YOUR GOAL: Quote exactly the lines running from the line with "blk = doc.blocks.new('Hub" to the end of the entries, including both, and nothing else.

PROVIDED RECORDS:
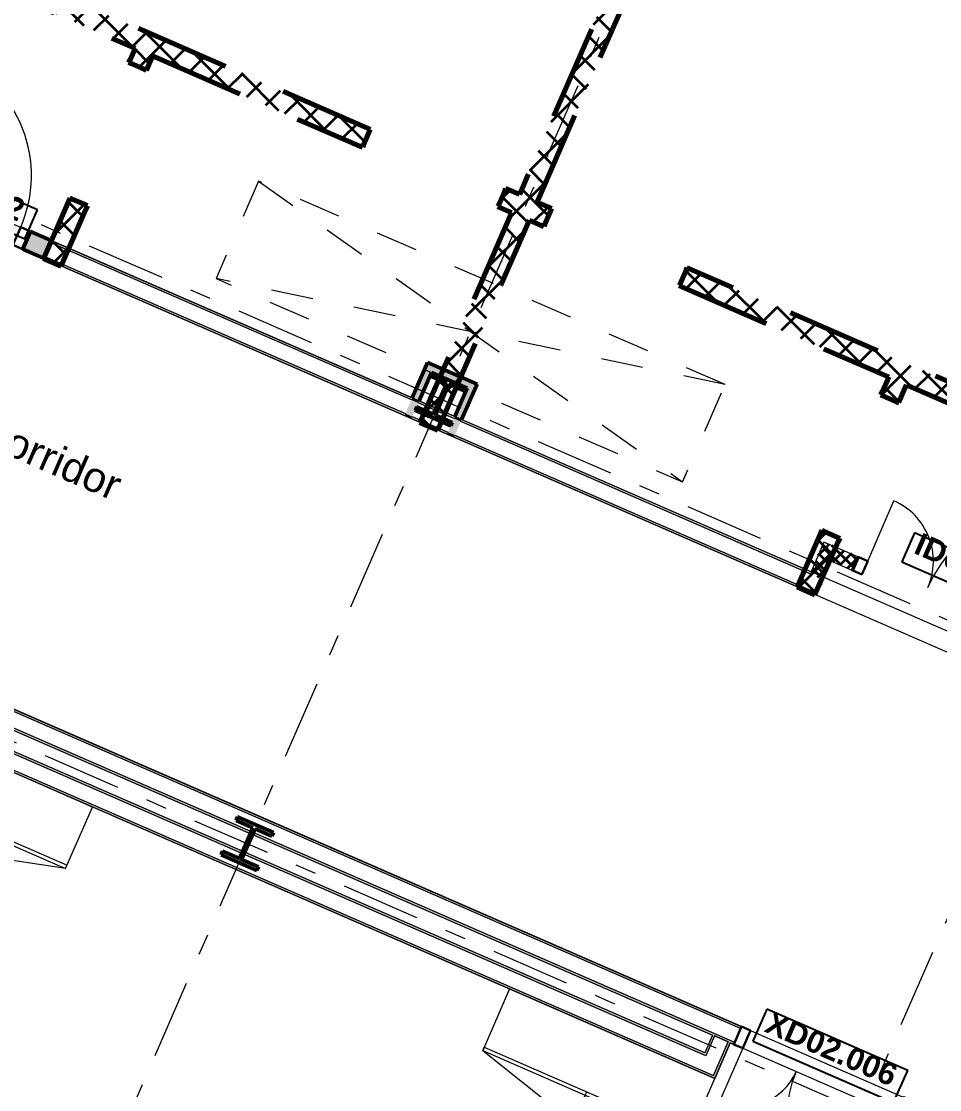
# Model space of a CAD drawing. Header units: millimetres. Extents: x -37281 to 954596, y -59787 to 956680.
# Drawn here: x 38140 to 44293, y -9104 to -1945 of the extents above; entities that cross this region are included whole.
import ezdxf
from ezdxf.enums import TextEntityAlignment as Align

# ---------------------------------------------------------------- set-up
doc = ezdxf.new("R2010")
doc.units = ezdxf.units.MM
doc.header["$MEASUREMENT"] = 0
for name, pattern in [('Dashed', [564.444447, 282.222223, -282.222223]), ('Double Dashed', [1093.611073, 529.166651, -211.666656, 141.111112, -211.666656]), ('Long Dashed', [1058.333302, 634.99999, -423.333311])]:
    doc.linetypes.add(name, pattern=pattern)
for name, color, linetype, lineweight in [('0_Pen_No__1', 7, 'Continuous', 13), ('A-25-M_Wall_Int_Pen_No__1', 7, 'Continuous', 13), ('A-95-P_Drawing_Pen_No__1', 7, 'Continuous', 13), ('ArchiCAD Door Markers_Pen_No__1', 7, 'Continuous', 13), ('ArchiCAD Door Markers_Pen_No__5', 7, 'Continuous', 25), ('ArchiCAD Doors_Pen_No__1', 7, 'Continuous', 13), ('Demolished_A-25-M_Wall_Int_Pen_No__175', 1, 'Continuous', 35), ('Demolished_A-25-M_Wall_Int_Pen_No__177', 1, 'Continuous', 70), ('New_A-25-M_Wall_Int_Pen_No__1', 7, 'Continuous', 13), ('New_A-25-M_Wall_Int_Pen_No__155', 5, 'Continuous', 35), ('New_A-35-M_FFE_Fixed_Pen_No__4', 7, 'Continuous', 20), ('New_ArchiCAD Door Markers_Pen_No__1', 7, 'Continuous', 13), ('New_ArchiCAD Door Markers_Pen_No__5', 7, 'Continuous', 25), ('New_ArchiCAD Doors_Pen_No__1', 7, 'Continuous', 13), ('New_ArchiCAD Zone Stamps_Pen_No__9', 7, 'Continuous', 13)]:
    doc.layers.add(name, color=color, linetype=linetype, lineweight=lineweight)
for name, color, linetype in [('A-15-M_Column_Int', 7, 'Continuous'), ('A-15-MG_Structural_Grid', 7, 'Continuous'), ('A-25-M_Wall_Int', 7, 'Continuous'), ('ArchiCAD Door Markers', 7, 'Continuous'), ('ArchiCAD Doors', 7, 'Continuous'), ('Demolished_A-25-M_Wall_Int', 7, 'Continuous'), ('New_A-05-M_Gross_Int_Circulation', 7, 'Continuous'), ('New_A-25-M_Wall_Int', 7, 'Continuous'), ('New_A-35-M_FFE-Zone', 7, 'Continuous'), ('New_A-35-M_FFE_Fixed', 7, 'Continuous'), ('New_ArchiCAD Door Markers', 7, 'Continuous'), ('New_ArchiCAD Doors', 7, 'Continuous')]:
    doc.layers.add(name, color=color, linetype=linetype)
for name, color, linetype, lineweight, true_color in [('A-15-M_Column_Int_Pen_No__28', 7, 'Continuous', 50, 0x2a2a2a), ('A-15-MG_Structural_Grid_Pen_No__163', 7, 'Continuous', 0, 0x750077), ('A-25-M_Wall_Int_Pen_No__107', 7, 'Continuous', 15, 0xa6a6a6), ('ArchiCAD Doors_Pen_No__43', 7, 'Continuous', 30, 0x444444), ('ArchiCAD Doors_Pen_No__63', 7, 'Continuous', 20, 0x606060), ('New_A-05-M_Gross_Int_Circulation_Pen_No__74', 7, 'Continuous', 20, 0x606060), ('New_A-25-M_Wall_Int_Pen_No__27', 7, 'Continuous', 50, 0x2a2a2a), ('New_A-35-M_FFE-Zone_Pen_No__74', 7, 'Continuous', 20, 0x606060), ('New_ArchiCAD Doors_Pen_No__27', 7, 'Continuous', 50, 0x2a2a2a), ('New_ArchiCAD Doors_Pen_No__43', 7, 'Continuous', 30, 0x444444), ('New_ArchiCAD Doors_Pen_No__63', 7, 'Continuous', 20, 0x606060)]:
    doc.layers.add(name, color=color, linetype=linetype, lineweight=lineweight, true_color=true_color)
doc.styles.add('GENERATED_STYLE_1', font='')
doc.styles.add('GENERATED_STYLE_2', font='')
doc.styles.add('GENERATED_STYLE_3', font='')
doc.styles.add('GENERATED_STYLE_4', font='')
doc.styles.get('GENERATED_STYLE_1').set_extended_font_data('Swis721 BT', bold=True)
doc.styles.get('GENERATED_STYLE_2').set_extended_font_data('Arial', bold=True)
doc.styles.get('GENERATED_STYLE_3').set_extended_font_data('Arial')
doc.styles.get('GENERATED_STYLE_4').set_extended_font_data('Swis721 BT')
pattern_1 = [(45, (0, 0), (-35.35534, 35.35534), []), (135, (0, 0), (35.35534, 35.35534), [])]
pattern_2 = [(45, (0, 0), (-91.92388, 91.92388), []), (135, (0, 0), (91.92388, 91.92388), [])]

# ---------------------------------------------------------------- blocks, each defined once
blk = doc.blocks.new('Materials Lab_INB 2207_2_3', base_point=(39119.4, -12154.1))
at = {"layer": 'New_A-35-M_FFE-Zone_Pen_No__74', "linetype": 'Continuous'}
for p, q in [((42786.2, -9028.5), (37241.4, -6610.7)), ((42890.1, -8790.2), (42786.2, -9028.5)), ((44194.2, -9358.8), (42890.1, -8790.2))]:
    blk.add_line(p, q, dxfattribs=at)
at = {"layer": 'New_ArchiCAD Zone Stamps_Pen_No__9'}
for tag, height, style, p in [('ROOM_NAME', 250, 'GENERATED_STYLE_2', (41292.7, -9338.8)), ('zoneNameLine2', 250, 'GENERATED_STYLE_2', (41104.3, -9770.9)), ('ROOM_NUMBER', 200, 'GENERATED_STYLE_3', (40915.9, -10191.6)), ('measuredAreaCode', 200, 'GENERATED_STYLE_3', (40758.8, -10551.8)), ('DUMMY_649', 200, 'GENERATED_STYLE_3', (41066.2, -10685.8)), ('DUMMY_650', 200, 'GENERATED_STYLE_3', (41555.6, -10899.2)), ('DUMMY_651', 133.3, 'GENERATED_STYLE_3', (41834.9, -11005.7))]:
    blk.add_attdef(tag, text='', height=height, rotation=336.44041, dxfattribs=dict(at, style=style)).set_placement(p, align=Align.TOP_LEFT)
blk = doc.blocks.new('Hub Circulation-Second_SF014_18_3', base_point=(12677, 5772.6))
at = {"layer": 'New_A-05-M_Gross_Int_Circulation_Pen_No__74', "linetype": 'Continuous'}
for p, q in [((49095.7, -8245.2), (35222.8, -2195.9)), ((29646.1, -2873.4), (47957.5, -10858))]:
    blk.add_line(p, q, dxfattribs=at)
at = {"layer": 'New_ArchiCAD Zone Stamps_Pen_No__9'}
for tag, height, style, p in [('ROOM_NAME', 250, 'GENERATED_STYLE_2', (11346.7, 7549.1)), ('zoneNameLine2', 250, 'GENERATED_STYLE_2', (11158.2, 7117)), ('ROOM_NUMBER', 200, 'GENERATED_STYLE_3', (10969.8, 6696.3)), ('measuredAreaCode', 200, 'GENERATED_STYLE_3', (10812.8, 6336.2)), ('ROOM_WALLS_PRM', 200, 'GENERATED_STYLE_3', (11120.2, 6202.1)), ('DUMMY_649', 200, 'GENERATED_STYLE_3', (11749.4, 5927.8)), ('DUMMY_650', 133.3, 'GENERATED_STYLE_3', (12028.6, 5821.2))]:
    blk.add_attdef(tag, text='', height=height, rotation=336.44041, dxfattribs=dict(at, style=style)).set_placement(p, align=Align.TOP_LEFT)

ANSWER TO THIS TASK:
blk = doc.blocks.new('Hub Circulation-Second_SF014_18_3', base_point=(12677, 5772.6))
at = {"layer": 'New_A-05-M_Gross_Int_Circulation_Pen_No__74', "linetype": 'Continuous'}
for p, q in [((49095.7, -8245.2), (35222.8, -2195.9)), ((29646.1, -2873.4), (47957.5, -10858))]:
    blk.add_line(p, q, dxfattribs=at)
at = {"layer": 'New_ArchiCAD Zone Stamps_Pen_No__9'}
for tag, height, style, p in [('ROOM_NAME', 250, 'GENERATED_STYLE_2', (11346.7, 7549.1)), ('zoneNameLine2', 250, 'GENERATED_STYLE_2', (11158.2, 7117)), ('ROOM_NUMBER', 200, 'GENERATED_STYLE_3', (10969.8, 6696.3)), ('measuredAreaCode', 200, 'GENERATED_STYLE_3', (10812.8, 6336.2)), ('ROOM_WALLS_PRM', 200, 'GENERATED_STYLE_3', (11120.2, 6202.1)), ('DUMMY_649', 200, 'GENERATED_STYLE_3', (11749.4, 5927.8)), ('DUMMY_650', 133.3, 'GENERATED_STYLE_3', (12028.6, 5821.2))]:
    blk.add_attdef(tag, text='', height=height, rotation=336.44041, dxfattribs=dict(at, style=style)).set_placement(p, align=Align.TOP_LEFT)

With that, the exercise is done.